Can – Live in Stuttgart 1975

Spoon / Mute

Can - Live in Stuttgart 1975The live CD is a precarious beast. Cementing the band’s reputation or besmirching it with cash cows. Or somewhere in between — servicing the more obsessive of a band’s fanbase, kneecapping the bootlegger. I’m often cautious — for a band like Can, how much is it adding to know that they could turn out the goods live?

Well a fair amount. There’s a lot of Can-lore which is around the singers Damo Suzuki and Malcolm Mooney. I don’t think anyone’s in any doubt as to the other players’ chops, but suffice it to say they are deep and choppy.

I’d just like to pick up on a couple of things from the press release that seem important: “During the 1970s a typical Can concert could last three hours with one interval, though they were known to play longer” — can we have these, please? This CD is a great entrée, but it’s CD length; I’m possibly most interested in what happens when Can aren’t all bushy-eyed and bright-tailed.

Like, we know from everything that they can play and play for a long LP’s time, but I guess the thing I don’t know about Can is what the ideas they rejected sound like, what happens when a very tight jammy band fuck up. Second, there’s a quote about “…extraordinary musical telephathy its members shared…” — not to be disengenuous, they can play as fuck. But if you’ve got a stock of themes, and a very steady rhythm section that largely doesn’t change, it’s not so much telepathy as skill.

That last point is a thing that I’d like to hear more of from camp Can — they’re kind of non-rock musicians who used the medium of rock and pulled it elsewhere — whether orthodox funk or Africanisms, especially in the last albums with the non-canonical line-up. The magical thinking of “telepathy” sort of misses the ways in which they’re good listeners, pulling a theme hither and thither. It’s certainly a rock band’s gear, but there’s a lot about their way of playing has more to do with a kind of head and extemporisation of jazz proper (though Can’s harmonic world is not a jazz one).

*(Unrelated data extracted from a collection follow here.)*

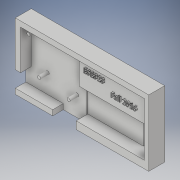
# Autodesk Inventor part: case2
Saved by Autodesk Inventor 2017 (Build 210142000, 142)
## iProperties
Created: 2016-12-01
Part Number: case2
Material: Generic
Document SubType Name: Modeling
Designer: SDL
Density: 1 g/cm^3
Appearance: Default
Author: SDL
Autodesk Inventor part; units mm, degrees
ref_plane "YZ Plane" through (0, 0, 0) normal (1, 0, 0) x (0, 1, 0)
ref_plane "XZ Plane" through (0, 0, 0) normal (0, 1, 0) x (-1, 0, 0)
ref_plane "XY Plane" through (0, 0, 0) normal (0, 0, 1) x (1, 0, 0)
sketch "Sketch3" plane through (0, 0, 0) normal (0, 0, 1) x (1, 0, 0)
  line L0 (0, 0) -> (125, 0)
  line L1 (125, 0) -> (125, 62)
  line L2 (125, 62) -> (0, 62)
  line L3 (0, 62) -> (0, 0)
  dimension "d0" = 125
  dimension "d1" = 62
  constraints: 8 end point, 2 parallel, 1 horizontal, 1 perpendicular
  measures "d0" distance of L2.end L1.end
  measures "d1" distance of L1.end L0.end
extrude "Extrusion1" add sketch "Sketch3" along normal blind 15
sketch "Sketch4" plane through (0, 0, 15) normal (0, 0, 1) x (1, 0, 0)
  line L0 (0, 62) -> (0, 0) projected
  line L1 (125, 0) -> (125, 62) projected
  line L2 (5, 57) -> (57, 57)
  line L3 (57, 57) -> (57, 5)
  line L4 (57, 5) -> (5, 5)
  line L5 (5, 5) -> (5, 57)
  line L6 (4, 57) -> (56, 5) construction
  line L7 (56, 57) -> (4, 5) construction
  dimension "d4" = 52
  dimension "d5" = 52
  constraints: 12 end point, 2 parallel, 1 horizontal, 1 perpendicular
  measures "d4" distance of L3.end L4.end
  measures "d5" distance of L2.end L3.end
extrude "Extrusion2" cut sketch "Sketch4" against normal blind 10
sketch "Sketch5" plane through (0, 0, 15) normal (0, 0, 1) x (1, 0, 0)
  line L0 (57, 57) -> (57, 5) projected
  line L1 (57, 5) -> (57, 7)
  line L2 (0, 0) -> (125, 0) projected
  line L3 (57, 7) -> (121, 7)
  line L4 (121, 7) -> (121, 33.5)
  line L5 (121, 33.5) -> (57, 33.5)
  line L6 (57, 33.5) -> (57, 7)
  dimension "d9" = 2
  dimension "d10" = 64
  dimension "d11" = 26.5
  constraints: 10 end point, 2 parallel, 2 perpendicular, 1 horizontal
  measures "d9" distance of L0.end L1.end
  measures "d10" distance of L5.end L4.end
  measures "d11" distance of L4.end L3.end
extrude "Extrusion3" cut sketch "Sketch5" against normal blind 10
sketch "Sketch6" plane through (0, 0, 15) normal (0, 0, 1) x (1, 0, 0)
  line L0 (121, 7) -> (57, 7) projected
  line L1 (57, 33.5) -> (121, 33.5) projected
  line L2 (121, 7) -> (109, 7)
  line L3 (109, 7) -> (109, 33.5)
  line L4 (109, 33.5) -> (121, 33.5)
  line L5 (121, 33.5) -> (121, 7)
  point P0 (0, 0)
  dimension "d14" = 12
  constraints: 8 end point, 2 parallel, 1 horizontal, 1 perpendicular, 1 point on line
  measures "d14" distance of L3.end L4.end
extrude "Extrusion4" cut sketch "Sketch6" against normal blind 15
sketch "Sketch7" plane through (0, 0, 15) normal (0, 0, 1) x (1, 0, 0)
  line L0 (109, 7) -> (57, 7) projected
  line L1 (109, 33.5) -> (109, 7) projected
  line L2 (57, 7) -> (109, 7)
  line L3 (109, 7) -> (109, 33.5)
  line L4 (109, 33.5) -> (57, 33.5)
  line L5 (57, 33.5) -> (57, 7)
  point P0 (0, 0)
  constraints: 8 end point, 2 parallel, 1 horizontal, 1 perpendicular
extrude "Extrusion5" cut sketch "Sketch7" against normal blind 11
sketch "Sketch8" plane through (0, 0, 5) normal (0, 0, 1) x (1, 0, 0)
  line L0 (5, 57) -> (57, 57) projected
  line L1 (57, 5) -> (5, 5) projected
  line L2 (5, 5) -> (5, 57) projected
  line L3 (57, 7) -> (57, 33.5) projected
  line L4 (6, 56) -> (56, 6) construction
  line L5 (56, 56) -> (6, 6) construction
  line L6 (6, 6) -> (20.3, 6) construction
  circle A0 centre (10.4, 53) radius 1.5
  circle A1 centre (20.3, 22.7) radius 1.5
  circle A2 centre (47.9, 18.5) radius 1.5
  point P0 (0, 0)
  point P1 (31, 31)
  dimension "d19" = 50
  dimension "d20" = 50
  dimension "d28" = 3
  dimension "d29" = 3
  dimension "d30" = 3
  constraints: 6 end point, 3 centre point, 2 midpoint, 1 horizontal
  measures "d19" distance of L4.end L5.end
  measures "d20" distance of L5.start L4.end
  measures "d28" diameter of A0
  measures "d29" diameter of A1
  measures "d30" diameter of A2
extrude "Extrusion6" add sketch "Sketch8" along normal blind 8
sketch "Sketch9" plane through (0, 0, 15) normal (0, 0, 1) x (1, 0, 0)
  line L0 (57, 5) -> (5, 5) projected
  line L1 (5, 5) -> (35, 5)
  line L2 (0, 0) -> (125, 0) projected
  line L3 (35, 5) -> (57, 5)
  line L4 (57, 5) -> (57, 0)
  line L5 (57, 0) -> (35, 0)
  line L6 (35, 0) -> (35, 5)
  constraints: 10 end point, 2 parallel, 2 point on line, 1 horizontal, 1 perpendicular
extrude "Extrusion7" cut sketch "Sketch9" against normal blind 10
sketch "Sketch10" plane through (0, 0, 15) normal (0, 0, 1) x (1, 0, 0)
  line L0 (5, 5) -> (5, 57) projected
  line L1 (5, 57) -> (5, 20)
  line L2 (5, 20) -> (0, 20)
  line L3 (0, 62) -> (0, 0) projected
  line L4 (5, 20) -> (0, 20)
  line L5 (0, 20) -> (0, 5)
  line L6 (0, 5) -> (5, 5)
  line L7 (5, 5) -> (5, 20)
  dimension "d36" = 37
  constraints: 12 end point, 3 point on line, 2 parallel, 2 perpendicular, 1 horizontal
  measures "d36" distance of L0.end L1.end
extrude "Extrusion8" cut sketch "Sketch10" against normal blind 10
sketch "Sketch13" plane through (0, 0, 15) normal (0, 0, 1) x (1, 0, 0)
  line L0 (57, 57) -> (57, 33.5) projected
  line L1 (57, 57) -> (121, 57)
  line L2 (121, 7) -> (121, 33.5) projected
  line L3 (57, 33.5) -> (109, 33.5) projected
  line L4 (121, 57) -> (57, 57)
  line L5 (57, 57) -> (57, 33.5)
  line L6 (57, 33.5) -> (121, 33.5)
  line L7 (121, 33.5) -> (121, 57)
  point P0 (0, 0)
  constraints: 10 end point, 2 parallel, 2 perpendicular, 1 horizontal
extrude "Extrusion9" cut sketch "Sketch13" against normal blind 3
sketch "Sketch14" plane through (0, 0, 12) normal (0, 0, 1) x (1, 0, 0)
  line L0 (61.9045, 52.1131) -> (81.5918, 52.1131) construction
  line L1 (81.5918, 52.1131) -> (81.5918, 47.138) construction
  line L2 (81.5918, 47.138) -> (61.9045, 47.138) construction
  line L3 (61.9045, 47.138) -> (61.9045, 52.1131) construction
  line L4 (87.5293, 45.1674) -> (113.4964, 45.1674) construction
  line L5 (113.4964, 45.1674) -> (113.4964, 38.1257) construction
  line L6 (113.4964, 38.1257) -> (87.5293, 38.1257) construction
  line L7 (87.5293, 38.1257) -> (87.5293, 45.1674) construction
  spline S0 degree 2 poles (64.7873, 48.0985) (64.7873, 48.0393) (64.7754, 47.9525) (64.7439, 47.8973) (64.7005, 47.8697) (64.6729, 47.8697) knots 0 0 0 1 2 3 4 4 4
  line L8 (64.6729, 47.8697) -> (62.6656, 47.8697)
  spline S1 degree 2 poles (62.6656, 47.8697) (62.5946, 47.8697) (62.4605, 47.9683) (62.4605, 48.0945) knots 0 0 0 1 2 2 2
  line L9 (62.4605, 48.0945) -> (62.4605, 51.8252)
  spline S2 degree 2 poles (62.4605, 51.8252) (62.4605, 51.9514) (62.5946, 52.05) (62.6656, 52.05) knots 0 0 0 1 2 2 2
  line L10 (62.6656, 52.05) -> (64.6492, 52.05)
  spline S3 degree 2 poles (64.6492, 52.05) (64.6769, 52.05) (64.7163, 52.0224) (64.7439, 51.9672) (64.7597, 51.8804) (64.7597, 51.8134) knots 0 0 0 1 2 3 4 4 4
  spline S4 degree 2 poles (64.7597, 51.8134) (64.7597, 51.7582) (64.7439, 51.6675) (64.7163, 51.6162) (64.6769, 51.5886) (64.6492, 51.5886) knots 0 0 0 1 2 3 4 4 4
  line L11 (64.6492, 51.5886) -> (63.0166, 51.5886)
  line L12 (63.0166, 51.5886) -> (63.0166, 50.2754)
  line L13 (63.0166, 50.2754) -> (64.4166, 50.2754)
  spline S5 degree 2 poles (64.4166, 50.2754) (64.4442, 50.2754) (64.4836, 50.2478) (64.5152, 50.1965) (64.527, 50.1058) (64.527, 50.0427) knots 0 0 0 1 2 3 4 4 4
  spline S6 degree 2 poles (64.527, 50.0427) (64.527, 49.9835) (64.5152, 49.9007) (64.4836, 49.8494) (64.4442, 49.8258) (64.4166, 49.8258) knots 0 0 0 1 2 3 4 4 4
  line L14 (64.4166, 49.8258) -> (63.0166, 49.8258)
  line L15 (63.0166, 49.8258) -> (63.0166, 48.3311)
  line L16 (63.0166, 48.3311) -> (64.6729, 48.3311)
  spline S7 degree 2 poles (64.6729, 48.3311) (64.7005, 48.3311) (64.7439, 48.3035) (64.7754, 48.2523) (64.7873, 48.1616) (64.7873, 48.0985) knots 0 0 0 1 2 3 4 4 4
  spline S8 degree 2 poles (67.9343, 49.041) (67.9343, 48.7492) (67.7174, 48.2878) (67.3349, 47.9683) (66.8143, 47.8066) (66.5146, 47.8066) knots 0 0 0 1 2 3 4 4 4
  spline S9 degree 2 poles (66.5146, 47.8066) (66.3016, 47.8066) (65.9428, 47.8776) (65.6628, 47.9801) (65.4735, 48.0906) (65.3985, 48.1655) (65.3631, 48.2838) (65.3631, 48.3863) knots 0 0 0 1 2 3 4 5 6 6 6
  spline S10 degree 2 poles (65.3631, 48.3863) (65.3631, 48.4573) (65.3749, 48.552) (65.4025, 48.6072) (65.4419, 48.6309) (65.4656, 48.6309) knots 0 0 0 1 2 3 4 4 4
  spline S11 degree 2 poles (65.4656, 48.6309) (65.5129, 48.6309) (65.6785, 48.5204) (65.9349, 48.3942) (66.3016, 48.2799) (66.5383, 48.2799) knots 0 0 0 1 2 3 4 4 4
  spline S12 degree 2 poles (66.5383, 48.2799) (66.7197, 48.2799) (67.0233, 48.3785) (67.2363, 48.5559) (67.3546, 48.8162) (67.3546, 48.9818) knots 0 0 0 1 2 3 4 4 4
  spline S13 degree 2 poles (67.3546, 48.9818) (67.3546, 49.1593) (67.1929, 49.4117) (66.9287, 49.601) (66.5895, 49.7587) (66.2307, 49.9244) (65.8954, 50.1255) (65.6312, 50.3976) (65.4656, 50.7604) (65.4656, 51.0168) knots 0 0 0 1 2 3 4 5 6 7 8 8 8
  spline S14 degree 2 poles (65.4656, 51.0168) (65.4656, 51.277) (65.6549, 51.6911) (65.994, 51.9672) (66.4633, 52.1131) (66.7354, 52.1131) knots 0 0 0 1 2 3 4 4 4
  spline S15 degree 2 poles (66.7354, 52.1131) (66.8735, 52.1131) (67.1535, 52.0658) (67.4019, 51.9869) (67.5991, 51.8844) (67.6583, 51.8252) (67.678, 51.7897) (67.6898, 51.7345) (67.6977, 51.6556) (67.6977, 51.5965) knots 0 0 0 1 2 3 4 5 6 7 8 8 8
  spline S16 degree 2 poles (67.6977, 51.5965) (67.6977, 51.5373) (67.6898, 51.4466) (67.6701, 51.3835) (67.6346, 51.3559) (67.6109, 51.3559) knots 0 0 0 1 2 3 4 4 4
  spline S17 degree 2 poles (67.6109, 51.3559) (67.5754, 51.3559) (67.4216, 51.4466) (67.2047, 51.557) (66.9011, 51.6517) (66.7157, 51.6517) knots 0 0 0 1 2 3 4 4 4
  spline S18 degree 2 poles (66.7157, 51.6517) (66.5422, 51.6517) (66.2819, 51.557) (66.1123, 51.4032) (66.0295, 51.1903) (66.0295, 51.068) knots 0 0 0 1 2 3 4 4 4
  spline S19 degree 2 poles (66.0295, 51.068) (66.0295, 50.8945) (66.1912, 50.6421) (66.4594, 50.4489) (66.8025, 50.2872) (67.1574, 50.1216) (67.5005, 49.9244) (67.7687, 49.6562) (67.9343, 49.2894) (67.9343, 49.041) knots 0 0 0 1 2 3 4 5 6 7 8 8 8
  spline S20 degree 2 poles (71.0577, 48.0985) (71.0577, 48.0393) (71.0459, 47.9525) (71.0143, 47.8973) (70.9709, 47.8697) (70.9433, 47.8697) knots 0 0 0 1 2 3 4 4 4
  line L17 (70.9433, 47.8697) -> (68.936, 47.8697)
  spline S21 degree 2 poles (68.936, 47.8697) (68.865, 47.8697) (68.7309, 47.9683) (68.7309, 48.0945) knots 0 0 0 1 2 2 2
  line L18 (68.7309, 48.0945) -> (68.7309, 51.8252)
  spline S22 degree 2 poles (68.7309, 51.8252) (68.7309, 51.9514) (68.865, 52.05) (68.936, 52.05) knots 0 0 0 1 2 2 2
  line L19 (68.936, 52.05) -> (70.9197, 52.05)
  spline S23 degree 2 poles (70.9197, 52.05) (70.9473, 52.05) (70.9867, 52.0224) (71.0143, 51.9672) (71.0301, 51.8804) (71.0301, 51.8134) knots 0 0 0 1 2 3 4 4 4
  spline S24 degree 2 poles (71.0301, 51.8134) (71.0301, 51.7582) (71.0143, 51.6675) (70.9867, 51.6162) (70.9473, 51.5886) (70.9197, 51.5886) knots 0 0 0 1 2 3 4 4 4
  line L20 (70.9197, 51.5886) -> (69.287, 51.5886)
  line L21 (69.287, 51.5886) -> (69.287, 50.2754)
  line L22 (69.287, 50.2754) -> (70.687, 50.2754)
  spline S25 degree 2 poles (70.687, 50.2754) (70.7146, 50.2754) (70.754, 50.2478) (70.7856, 50.1965) (70.7974, 50.1058) (70.7974, 50.0427) knots 0 0 0 1 2 3 4 4 4
  spline S26 degree 2 poles (70.7974, 50.0427) (70.7974, 49.9835) (70.7856, 49.9007) (70.754, 49.8494) (70.7146, 49.8258) (70.687, 49.8258) knots 0 0 0 1 2 3 4 4 4
  line L23 (70.687, 49.8258) -> (69.287, 49.8258)
  line L24 (69.287, 49.8258) -> (69.287, 48.3311)
  line L25 (69.287, 48.3311) -> (70.9433, 48.3311)
  spline S27 degree 2 poles (70.9433, 48.3311) (70.9709, 48.3311) (71.0143, 48.3035) (71.0459, 48.2523) (71.0577, 48.1616) (71.0577, 48.0985) knots 0 0 0 1 2 3 4 4 4
  spline S28 degree 2 poles (74.3546, 49.0647) (74.3546, 48.7768) (74.1535, 48.3154) (73.7788, 47.9841) (73.2307, 47.8066) (72.8836, 47.8066) knots 0 0 0 1 2 3 4 4 4
  spline S29 degree 2 poles (72.8836, 47.8066) (72.6746, 47.8066) (72.3118, 47.8737) (72.0278, 47.9683) (71.8385, 48.0669) (71.7912, 48.1142) (71.7636, 48.1576) (71.7439, 48.2247) (71.736, 48.3154) (71.736, 48.3863) knots 0 0 0 1 2 3 4 5 6 7 8 8 8
  spline S30 degree 2 poles (71.736, 48.3863) (71.736, 48.5007) (71.7833, 48.5914) (71.8267, 48.5914) knots 0 0 0 1 2 2 2
  spline S31 degree 2 poles (71.8267, 48.5914) (71.8543, 48.5914) (72.0318, 48.4889) (72.3039, 48.3666) (72.6746, 48.2641) (72.8994, 48.2641) knots 0 0 0 1 2 3 4 4 4
  spline S32 degree 2 poles (72.8994, 48.2641) (73.1163, 48.2641) (73.4476, 48.3745) (73.6723, 48.5756) (73.7867, 48.8478) (73.7867, 49.0094) knots 0 0 0 1 2 3 4 4 4
  spline S33 degree 2 poles (73.7867, 49.0094) (73.7867, 49.1909) (73.6447, 49.4748) (73.3647, 49.6799) (72.9625, 49.7903) (72.7061, 49.7903) knots 0 0 0 1 2 3 4 4 4
  line L26 (72.7061, 49.7903) -> (72.296, 49.7903)
  spline S34 degree 2 poles (72.296, 49.7903) (72.2684, 49.7903) (72.2171, 49.814) (72.1816, 49.8652) (72.158, 49.948) (72.158, 50.0151) knots 0 0 0 1 2 3 4 4 4
  spline S35 degree 2 poles (72.158, 50.0151) (72.158, 50.0782) (72.1777, 50.157) (72.2132, 50.2044) (72.2566, 50.228) (72.2881, 50.228) knots 0 0 0 1 2 3 4 4 4
  line L27 (72.2881, 50.228) -> (72.6509, 50.228)
  spline S36 degree 2 poles (72.6509, 50.228) (72.8639, 50.228) (73.2031, 50.3385) (73.4397, 50.5475) (73.5659, 50.8354) (73.5659, 51.0128) knots 0 0 0 1 2 3 4 4 4
  spline S37 degree 2 poles (73.5659, 51.0128) (73.5659, 51.143) (73.4831, 51.3796) (73.3135, 51.557) (73.0532, 51.6556) (72.8797, 51.6556) knots 0 0 0 1 2 3 4 4 4
  spline S38 degree 2 poles (72.8797, 51.6556) (72.6943, 51.6556) (72.3788, 51.5413) (72.1343, 51.4151) (71.9726, 51.3007) (71.9411, 51.3007) knots 0 0 0 1 2 3 4 4 4
  spline S39 degree 2 poles (71.9411, 51.3007) (71.9174, 51.3007) (71.8819, 51.3165) (71.8583, 51.3638) (71.8504, 51.4506) (71.8504, 51.5216) knots 0 0 0 1 2 3 4 4 4
  spline S40 degree 2 poles (71.8504, 51.5216) (71.8504, 51.5728) (71.8583, 51.6438) (71.878, 51.699) (71.9016, 51.7463) (71.9647, 51.8055) (72.1501, 51.9238) (72.4261, 52.0342) (72.785, 52.1131) (72.9901, 52.1131) knots 0 0 0 1 2 3 4 5 6 7 8 8 8
  spline S41 degree 2 poles (72.9901, 52.1131) (73.2819, 52.1131) (73.7236, 51.9632) (74.0154, 51.6911) (74.1614, 51.3125) (74.1614, 51.0838) knots 0 0 0 1 2 3 4 4 4
  spline S42 degree 2 poles (74.1614, 51.0838) (74.1614, 50.8866) (74.0588, 50.5475) (73.8577, 50.2832) (73.5659, 50.0979) (73.3766, 50.0624) knots 0 0 0 1 2 3 4 4 4
  line L28 (73.3766, 50.0624) -> (73.3766, 50.0585)
  spline S43 degree 2 poles (73.3766, 50.0585) (73.5935, 50.0348) (73.9523, 49.8652) (74.2087, 49.6049) (74.3546, 49.2579) (74.3546, 49.0647) knots 0 0 0 1 2 3 4 4 4
  spline S44 degree 2 poles (77.7422, 48.1103) (77.7422, 48.0511) (77.7264, 47.9604) (77.6988, 47.8973) (77.6476, 47.8697) (77.62, 47.8697) knots 0 0 0 1 2 3 4 4 4
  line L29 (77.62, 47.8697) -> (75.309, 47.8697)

Anyway, this is all kind of critical play. What do we have here? Can being amazing live. The mix is good, you can make out the instruments, there’s a kind of levity to the playing. Not everyone plays all the time and there isn’t wah or cymbal white noise voiding the pieces of dramatic tension (something so, so many bands miss out on the value of).

I do wonder in fact whether, knowing that Jaki Liebezeit was such a fan of systems music, if there isn’t evidence here of systems — Michael Karoli and Irmin Schmidt have relative freedom around given modes, but it’s very often the case that Holger Czukay is solidly on first and octave on the beat, locked in with Liebezeit’s snare. I haven’t done any proper listening to gratify that properly (so don’t get on at me that track three does something else), but there’s such a solidity to the rhythm section that I wonder if the apparent freedom isn’t an effect of rhythm section being largely in control. Second track “Zwei” shows Czukay with only so many motifs that he may be cycling through, the rest of the band extemporising. Difficult to say and, besides the Liebezeit semi-biography, I’m happy to not find out.

But anyway, the night and doubtless your attention span are drawing in. Do you need it? Yeah. Do you want it? Yeah. It’s a banging CD. It’s definitely in need of close attention if you’re that way inclined; but if you’re just after some more Can material, well, this is the Can you know. If I had a criticism, it’s not that they’re not always worth listening to — they certainly are — it’s that this perhaps isn’t showing up much to the Can dynamic that we don’t already know. So that’s a criticism; that’s basically saying “this is about as good as the Can records you already like”. I CAN’t say fairer than that, guv.